Willy memfokuskan matanya pada jalanan basah karena hujan belum juga berhenti. Sebelumnya, ia, Venny, dan David hendak menghampiri Alea bersama. Namun, tiba-tiba saja Venny mendapatkan telepon dari orang tuanya dan membiarkan David yang mengantarnya pulang. Willy tidak tahu apa yang ada di dalam pikiran Venny saat ia bernekad untuk menemui Alea sendiri di pemakaman ini. Tapi yang terpenting ialah Alea sudah ditemukan dan keadaannya memang cukup kacau.

“Terima kasih,” gumam Alea memecahkan keheningan yang terjadi di dalam mobil. Bajunya yang kotor juga menjelaskan betapa joroknya dia sekarang. Untung saja, Alea menggunakan mobilnya sendiri tanpa perlu merepotkan Willy lebih banyak lagi.

Walau begitu, sedikit banyaknya Alea merasa malu karena keadaannya yang sangat kotor. Tidak pernah pula ia menyangka bahwa Willy akan menemuinya dalam keadaan seperti ini. Tak lama, mobil sedan milik Alea diparkir rapi di basement apartemen. Willy menghela napas pelan setelah membuka seatbelt-nya. Menatap Alea datar dan bergumam,

“Tidak perlu berterima kasih padaku. Cukup dengarkan aku dan ikuti perintahku mulai sekarang, paham?”

Dahinya mengernyit seketika. Tidak mengerti apa yang dimaksud oleh pria dengan sejuta pemikiran absurd-nya. “Tidak paham.” Alea menggeleng polos. “Dan aku tidak ingin jadi pembantumu.”

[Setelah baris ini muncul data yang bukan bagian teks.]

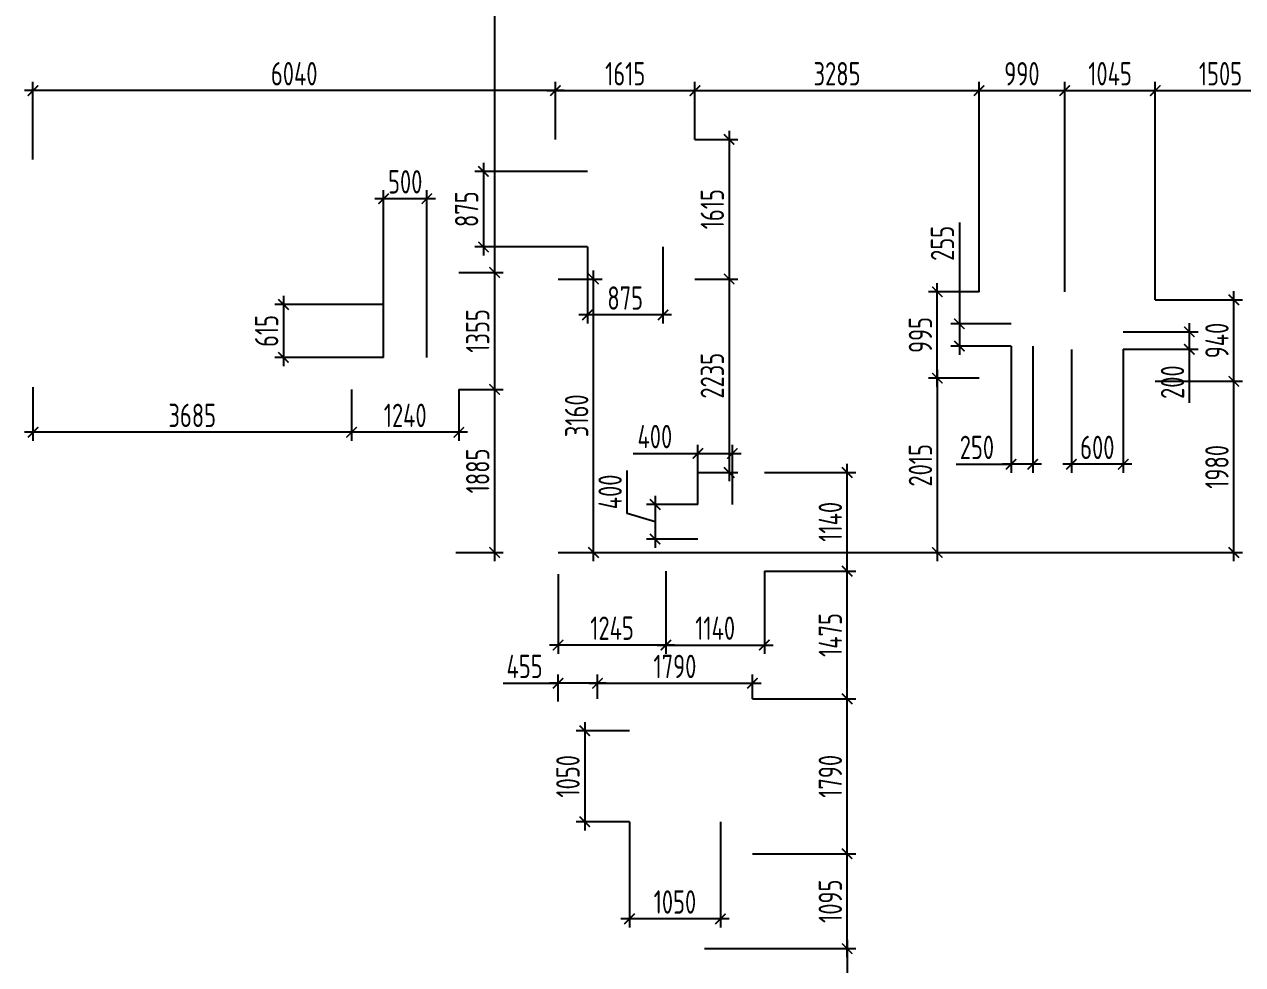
# Model space of a CAD drawing. Header units: millimetres. Extents: x -350007 to 535970, y -888 to 198380.
# Drawn here: x 461274 to 475358, y 102088 to 112954 of the extents above; entities that cross this region are included whole.
import ezdxf

# ---------------------------------------------------------------- set-up
doc = ezdxf.new("R2010")
doc.units = ezdxf.units.MM
doc.layers.add('АР_Размеры нов.', color=15, linetype='Continuous', lineweight=0)
doc.styles.add('ISOCPEUR', font='isocpeur.ttf', dxfattribs={"width": 0.7})
doc.dimstyles.new('R_100', dxfattribs={"dimtxt": 270, "dimasz": 120, "dimexe": 100, "dimexo": 0, "dimgap": 60, "dimtad": 1, "dimdec": 0, "dimrnd": 5, "dimzin": 0, "dimdsep": 46, "dimtxsty": 'ISOCPEUR', "dimblk": 'ARCHTICK', "dimcen": 0, "dimdle": 100, "dimclrd": 256, "dimclre": 256, "dimclrt": 256, "dimadec": 0, "dimazin": 0, "dimtfac": 2, "dimtdec": 0, "dimtofl": 0, "dimtmove": 1, "dimatfit": 3, "dimfxl": 1, "dimtvp": 3, "dimtolj": 1, "dimtzin": 0, "dimarcsym": 0})

# ---------------------------------------------------------------- blocks, each defined once
blk = doc.blocks.new('_ArchTick')
at = {"color": 0, "linetype": 'ByBlock', "const_width": 0.15}
blk.add_lwpolyline([(-0.5, -0.5), (0.5, 0.5)], dxfattribs=at)
blk = doc.blocks.new('*D3317')
at = {"layer": 'АР_Размеры нов.', "lineweight": -2, "transparency": 16777216}
for p, q in [((465945, 118043), (466810, 118043)), ((466710, 118143), (466710, 109987)), ((466297, 110087), (466810, 110087))]:
    blk.add_line(p, q, dxfattribs=at)
at = {"layer": 'АР_Размеры нов.', "lineweight": -2, "transparency": 16777216, "xscale": 120, "yscale": 120, "zscale": 120}
for p, rotation in [((466710, 118043), 90), ((466710, 110087), 270)]:
    blk.add_blockref('_ArchTick', p, dxfattribs=dict(at, rotation=rotation))
at = {"layer": 'АР_Размеры нов.', "transparency": 16777216, "insert": (466515, 114065), "char_height": 270, "attachment_point": 5, "rotation": 90, "style": 'ISOCPEUR'}
blk.add_mtext('\\A1;7955', dxfattribs=at)
blk = doc.blocks.new('*D3318')
at = {"layer": 'АР_Размеры нов.', "lineweight": -2, "transparency": 16777216}
for p, q in [((466710, 110187), (466710, 108635)), ((466297, 110087), (466810, 110087)), ((466297, 108735), (466810, 108735))]:
    blk.add_line(p, q, dxfattribs=at)
at = {"layer": 'АР_Размеры нов.', "lineweight": -2, "transparency": 16777216, "xscale": 120, "yscale": 120, "zscale": 120}
for p, rotation in [((466710, 110087), 90), ((466710, 108735), 270)]:
    blk.add_blockref('_ArchTick', p, dxfattribs=dict(at, rotation=rotation))
at = {"layer": 'АР_Размеры нов.', "transparency": 16777216, "insert": (466515, 109411), "char_height": 270, "attachment_point": 5, "rotation": 90, "style": 'ISOCPEUR'}
blk.add_mtext('\\A1;1355', dxfattribs=at)
blk = doc.blocks.new('*D3319')
at = {"layer": 'АР_Размеры нов.', "lineweight": -2, "transparency": 16777216}
for p, q in [((465057, 108735), (465057, 108140)), ((466297, 108735), (466297, 108140)), ((466397, 108240), (464957, 108240))]:
    blk.add_line(p, q, dxfattribs=at)
at = {"layer": 'АР_Размеры нов.', "lineweight": -2, "transparency": 16777216, "xscale": 120, "yscale": 120, "zscale": 120, "rotation": 180}
blk.add_blockref('_ArchTick', (465057, 108240), dxfattribs=at)
at = {"layer": 'АР_Размеры нов.', "lineweight": -2, "transparency": 16777216, "xscale": 120, "yscale": 120, "zscale": 120}
blk.add_blockref('_ArchTick', (466297, 108240), dxfattribs=at)
at = {"layer": 'АР_Размеры нов.', "transparency": 16777216, "insert": (465677, 108435), "char_height": 270, "attachment_point": 5, "style": 'ISOCPEUR'}
blk.add_mtext('\\A1;1240', dxfattribs=at)
blk = doc.blocks.new('*D3320')
at = {"layer": 'АР_Размеры нов.', "lineweight": -2, "transparency": 16777216}
for p, q in [((461374, 108760), (461374, 108140)), ((465057, 108735), (465057, 108140)), ((465157, 108240), (461274, 108240))]:
    blk.add_line(p, q, dxfattribs=at)
at = {"layer": 'АР_Размеры нов.', "lineweight": -2, "transparency": 16777216, "xscale": 120, "yscale": 120, "zscale": 120, "rotation": 180}
blk.add_blockref('_ArchTick', (461374, 108240), dxfattribs=at)
at = {"layer": 'АР_Размеры нов.', "lineweight": -2, "transparency": 16777216, "xscale": 120, "yscale": 120, "zscale": 120}
blk.add_blockref('_ArchTick', (465057, 108240), dxfattribs=at)
at = {"layer": 'АР_Размеры нов.', "transparency": 16777216, "insert": (463215, 108435), "char_height": 270, "attachment_point": 5, "style": 'ISOCPEUR'}
blk.add_mtext('\\A1;3685', dxfattribs=at)
blk = doc.blocks.new('*D3321')
at = {"layer": 'АР_Размеры нов.', "lineweight": -2, "transparency": 16777216}
for p, q in [((466297, 108735), (466810, 108735)), ((466710, 108835), (466710, 106751)), ((466263, 106851), (466810, 106851))]:
    blk.add_line(p, q, dxfattribs=at)
at = {"layer": 'АР_Размеры нов.', "lineweight": -2, "transparency": 16777216, "xscale": 120, "yscale": 120, "zscale": 120}
for p, rotation in [((466710, 108735), 90), ((466710, 106851), 270)]:
    blk.add_blockref('_ArchTick', p, dxfattribs=dict(at, rotation=rotation))
at = {"layer": 'АР_Размеры нов.', "transparency": 16777216, "insert": (466515, 107793), "char_height": 270, "attachment_point": 5, "rotation": 90, "style": 'ISOCPEUR'}
blk.add_mtext('\\A1;1885', dxfattribs=at)
blk = doc.blocks.new('*D3322')
at = {"layer": 'АР_Размеры нов.', "lineweight": -2, "transparency": 16777216}
for p, q in [((468691, 106635), (468691, 105681)), ((467444, 106601), (467444, 105681)), ((468791, 105781), (467344, 105781))]:
    blk.add_line(p, q, dxfattribs=at)
at = {"layer": 'АР_Размеры нов.', "lineweight": -2, "transparency": 16777216, "xscale": 120, "yscale": 120, "zscale": 120, "rotation": 180}
blk.add_blockref('_ArchTick', (467444, 105781), dxfattribs=at)
at = {"layer": 'АР_Размеры нов.', "lineweight": -2, "transparency": 16777216, "xscale": 120, "yscale": 120, "zscale": 120}
blk.add_blockref('_ArchTick', (468691, 105781), dxfattribs=at)
at = {"layer": 'АР_Размеры нов.', "transparency": 16777216, "insert": (468068, 105976), "char_height": 270, "attachment_point": 5, "style": 'ISOCPEUR'}
blk.add_mtext('\\A1;1245', dxfattribs=at)
blk = doc.blocks.new('*D3323')
at = {"layer": 'АР_Размеры нов.', "lineweight": -2, "transparency": 16777216}
for p, q in [((468691, 106635), (468691, 105681)), ((469829, 106635), (469829, 105681)), ((468591, 105781), (469929, 105781))]:
    blk.add_line(p, q, dxfattribs=at)
at = {"layer": 'АР_Размеры нов.', "lineweight": -2, "transparency": 16777216, "xscale": 120, "yscale": 120, "zscale": 120, "rotation": 180}
blk.add_blockref('_ArchTick', (468691, 105781), dxfattribs=at)
at = {"layer": 'АР_Размеры нов.', "lineweight": -2, "transparency": 16777216, "xscale": 120, "yscale": 120, "zscale": 120}
blk.add_blockref('_ArchTick', (469829, 105781), dxfattribs=at)
at = {"layer": 'АР_Размеры нов.', "transparency": 16777216, "insert": (469260, 105976), "char_height": 270, "attachment_point": 5, "style": 'ISOCPEUR'}
blk.add_mtext('\\A1;1140', dxfattribs=at)
blk = doc.blocks.new('*D3324')
at = {"layer": 'АР_Размеры нов.', "lineweight": -2, "transparency": 16777216}
for p, q in [((467444, 105129), (467444, 105439)), ((467900, 105160), (467900, 105439)), ((466808, 105339), (467444, 105339)), ((468000, 105339), (467344, 105339))]:
    blk.add_line(p, q, dxfattribs=at)
at = {"layer": 'АР_Размеры нов.', "lineweight": -2, "transparency": 16777216, "xscale": 120, "yscale": 120, "zscale": 120, "rotation": 180}
blk.add_blockref('_ArchTick', (467444, 105339), dxfattribs=at)
at = {"layer": 'АР_Размеры нов.', "lineweight": -2, "transparency": 16777216, "xscale": 120, "yscale": 120, "zscale": 120}
blk.add_blockref('_ArchTick', (467900, 105339), dxfattribs=at)
at = {"layer": 'АР_Размеры нов.', "transparency": 16777216, "insert": (467057, 105534), "char_height": 270, "attachment_point": 5, "style": 'ISOCPEUR'}
blk.add_mtext('\\A1;455', dxfattribs=at)
blk = doc.blocks.new('*D3325')
at = {"layer": 'АР_Размеры нов.', "lineweight": -2, "transparency": 16777216}
for p, q in [((467900, 105160), (467900, 105439)), ((469691, 105160), (469691, 105439)), ((467800, 105339), (469791, 105339))]:
    blk.add_line(p, q, dxfattribs=at)
at = {"layer": 'АР_Размеры нов.', "lineweight": -2, "transparency": 16777216, "xscale": 120, "yscale": 120, "zscale": 120, "rotation": 180}
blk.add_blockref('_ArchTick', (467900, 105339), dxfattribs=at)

Willy berusaha menyabarkan dirinya sebelum bergumam sedatar mungkin. “Kau menjadi tanggung jawabku mulai sekarang, Alea! Setelah apa yang kujanjikan pada ibumu, kau adalah tanggung jawabku. Apapun yang terjadi kedepannya adalah urusanku. Mengerti?”

“Aku tidak meminta itu!” dan Alea kembali menjadi keras kepala yang membuat Willy ingin menelan gadis itu segera.

“Apa kau ingin ibumu sedih disana melihat keadaanmu yang seperti ini?”

“Tapi, tetap saja—”

“Alea!” tegur Willy dengan nada yang naik satu oktaf. “Don’t be stubborn!”

Alea kembali terdiam. Masih bingung dengan situasi yang ditawarkan oleh Willy. Apakah ini tidak ada hubungannya dengan Venny? Bagaimana jika Venny mengetahuinya? Apa yang harus Alea lakukan? “Aku tidak ingin menyakiti Venny. Hubungan kita hanya sebatas dosen dan mahasiswa. Maaf Pak, saya—”

Mata Alea melebar saat Willy mendesaknya ke sudut pintu. Mata lelaki itu tidak bisa dikatakan ramah karena yang terlihat justru amarah. Deru napas yang memburu terasa begitu hangat di pipi Alea. “Venny akan menjadi urusanku. Karena yang perlu kau lakukan sekarang hanyalah bertahan disisiku,” desisnya pelan sebelum bibirnya bergerak menyentuh bibir Alea dengan penuh perasaan hingga nafsu mulai menguasai dirinya. Membuat ciuman itu kian panas hingga bunyi cecapan terdengar memenuhi keheningan di dalam mobil.